# [How to complete this task]
With the pictures left out, every record must be reproduced exactly.

Stored data entries:
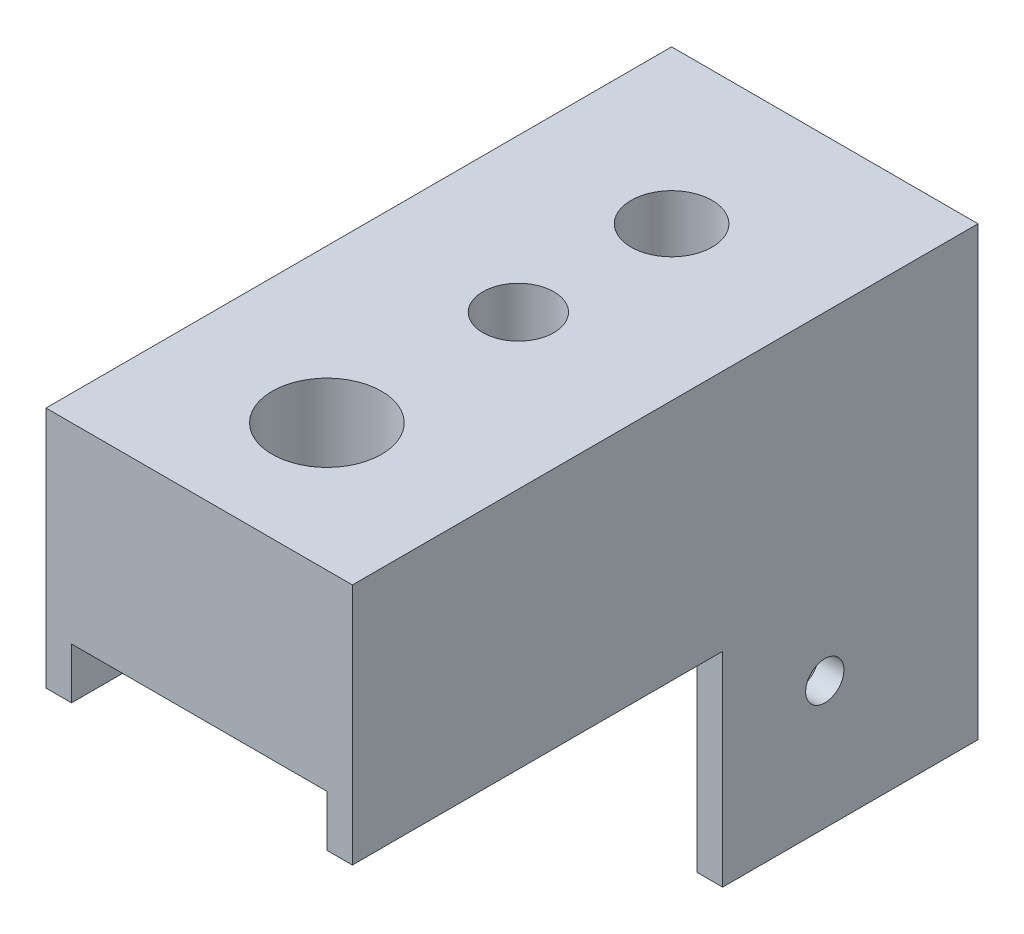
SolidWorks part; units mm, degrees
ref_plane "Front Plane" through (0, 0, 0) normal (0, 0, 1) x (1, 0, 0)
ref_plane "Top Plane" through (0, 0, 0) normal (0, 1, 0) x (1, 0, 0)
ref_plane "Right Plane" through (0, 0, 0) normal (1, 0, 0) x (0, 0, -1)
sketch "Sketch2" plane through (0, 0, 0) normal (1, 0, 0) x (0, 0, -1)
  line L0 (-44, 0) -> (0, 0)
  line L1 (0, 0) -> (0, -20)
  line L2 (-44, 0) -> (-44, 15)
  line L3 (-44, 15) -> (5, 15)
  line L4 (5, 15) -> (5, -20)
  line L5 (5, -20) -> (0, -20)
  dimension "D1" = 20
  dimension "D2" = 44
  dimension "D3" = 5
  dimension "D4" = 15
extrude "Boss-Extrude1" add sketch "Sketch2" along normal mid plane 20
sketch "Sketch3" plane through (10, 0, 0) normal (1, 0, 0) x (0, 0, -1)
  line L0 (-44, 15) -> (-44, -4)
  line L1 (-44, -4) -> (-15, -4)
  line L2 (-15, -4) -> (-15, -20)
  line L3 (-15, -20) -> (5, -20)
  line L6 (-44, 15) -> (5, 15)
  line L7 (5, 15) -> (5, -20)
  line L8 (0, 0) -> (0, -20) construction
  line L9 (-44, 0) -> (0, 0) construction
  dimension "D1" = 15
  dimension "D2" = 4
extrude "Boss-Extrude2" add sketch "Sketch3" along normal blind 2
mirror "Mirror1" about plane through (0, 0, 0) normal (1, 0, 0) of "Boss-Extrude2"
sketch "Sketch4" plane through (0, 0, 0) normal (0, -1, 0) x (1, 0, 0)
  line L0 (0, 0) -> (0, 7) construction
  line L1 (10, 0) -> (-10, 0) construction
  line L2 (0, 7) -> (0, 19) construction
  line L3 (0, 19) -> (0, 34) construction
  circle A0 centre (0, 34) radius 4.285
  circle A1 centre (0, 19) radius 2.78
  circle A2 centre (0, 7) radius 3.175
  dimension "D1" = 8.57
  dimension "D5" = 5.56
  dimension "D6" = 6.35
  dimension "D2" = 7
  dimension "D3" = 12
  dimension "D4" = 15
extrude "Cut-Extrude1" cut sketch "Sketch4" against normal through all
sketch "Sketch5" plane through (12, 0, -12) normal (-1, 0, 0) x (0, 0, 1)
  line L0 (19, -10) -> (19, -20) construction
  line L2 (27, -20) -> (7, -20) construction
  line L3 (7, -20) -> (7, 15) construction
  circle A0 centre (19, -10) radius 1.5
  point P2 (14.0267, -20)
  dimension "D2" = 3
  dimension "D1" = 10
  dimension "D3" = 12
extrude "Cut-Extrude2" cut sketch "Sketch5" along normal through all

# [Reply]
SolidWorks part; units mm, degrees
ref_plane "Front Plane" through (0, 0, 0) normal (0, 0, 1) x (1, 0, 0)
ref_plane "Top Plane" through (0, 0, 0) normal (0, 1, 0) x (1, 0, 0)
ref_plane "Right Plane" through (0, 0, 0) normal (1, 0, 0) x (0, 0, -1)
sketch "Sketch2" plane through (0, 0, 0) normal (1, 0, 0) x (0, 0, -1)
  line L0 (-44, 0) -> (0, 0)
  line L1 (0, 0) -> (0, -20)
  line L2 (-44, 0) -> (-44, 15)
  line L3 (-44, 15) -> (5, 15)
  line L4 (5, 15) -> (5, -20)
  line L5 (5, -20) -> (0, -20)
  dimension "D1" = 20
  dimension "D2" = 44
  dimension "D3" = 5
  dimension "D4" = 15
extrude "Boss-Extrude1" add sketch "Sketch2" along normal mid plane 20
sketch "Sketch3" plane through (10, 0, 0) normal (1, 0, 0) x (0, 0, -1)
  line L0 (-44, 15) -> (-44, -4)
  line L1 (-44, -4) -> (-15, -4)
  line L2 (-15, -4) -> (-15, -20)
  line L3 (-15, -20) -> (5, -20)
  line L6 (-44, 15) -> (5, 15)
  line L7 (5, 15) -> (5, -20)
  line L8 (0, 0) -> (0, -20) construction
  line L9 (-44, 0) -> (0, 0) construction
  dimension "D1" = 15
  dimension "D2" = 4
extrude "Boss-Extrude2" add sketch "Sketch3" along normal blind 2
mirror "Mirror1" about plane through (0, 0, 0) normal (1, 0, 0) of "Boss-Extrude2"
sketch "Sketch4" plane through (0, 0, 0) normal (0, -1, 0) x (1, 0, 0)
  line L0 (0, 0) -> (0, 7) construction
  line L1 (10, 0) -> (-10, 0) construction
  line L2 (0, 7) -> (0, 19) construction
  line L3 (0, 19) -> (0, 34) construction
  circle A0 centre (0, 34) radius 4.285
  circle A1 centre (0, 19) radius 2.78
  circle A2 centre (0, 7) radius 3.175
  dimension "D1" = 8.57
  dimension "D5" = 5.56
  dimension "D6" = 6.35
  dimension "D2" = 7
  dimension "D3" = 12
  dimension "D4" = 15
extrude "Cut-Extrude1" cut sketch "Sketch4" against normal through all
sketch "Sketch5" plane through (12, 0, -12) normal (-1, 0, 0) x (0, 0, 1)
  line L0 (19, -10) -> (19, -20) construction
  line L2 (27, -20) -> (7, -20) construction
  line L3 (7, -20) -> (7, 15) construction
  circle A0 centre (19, -10) radius 1.5
  point P2 (14.0267, -20)
  dimension "D2" = 3
  dimension "D1" = 10
  dimension "D3" = 12
extrude "Cut-Extrude2" cut sketch "Sketch5" along normal through all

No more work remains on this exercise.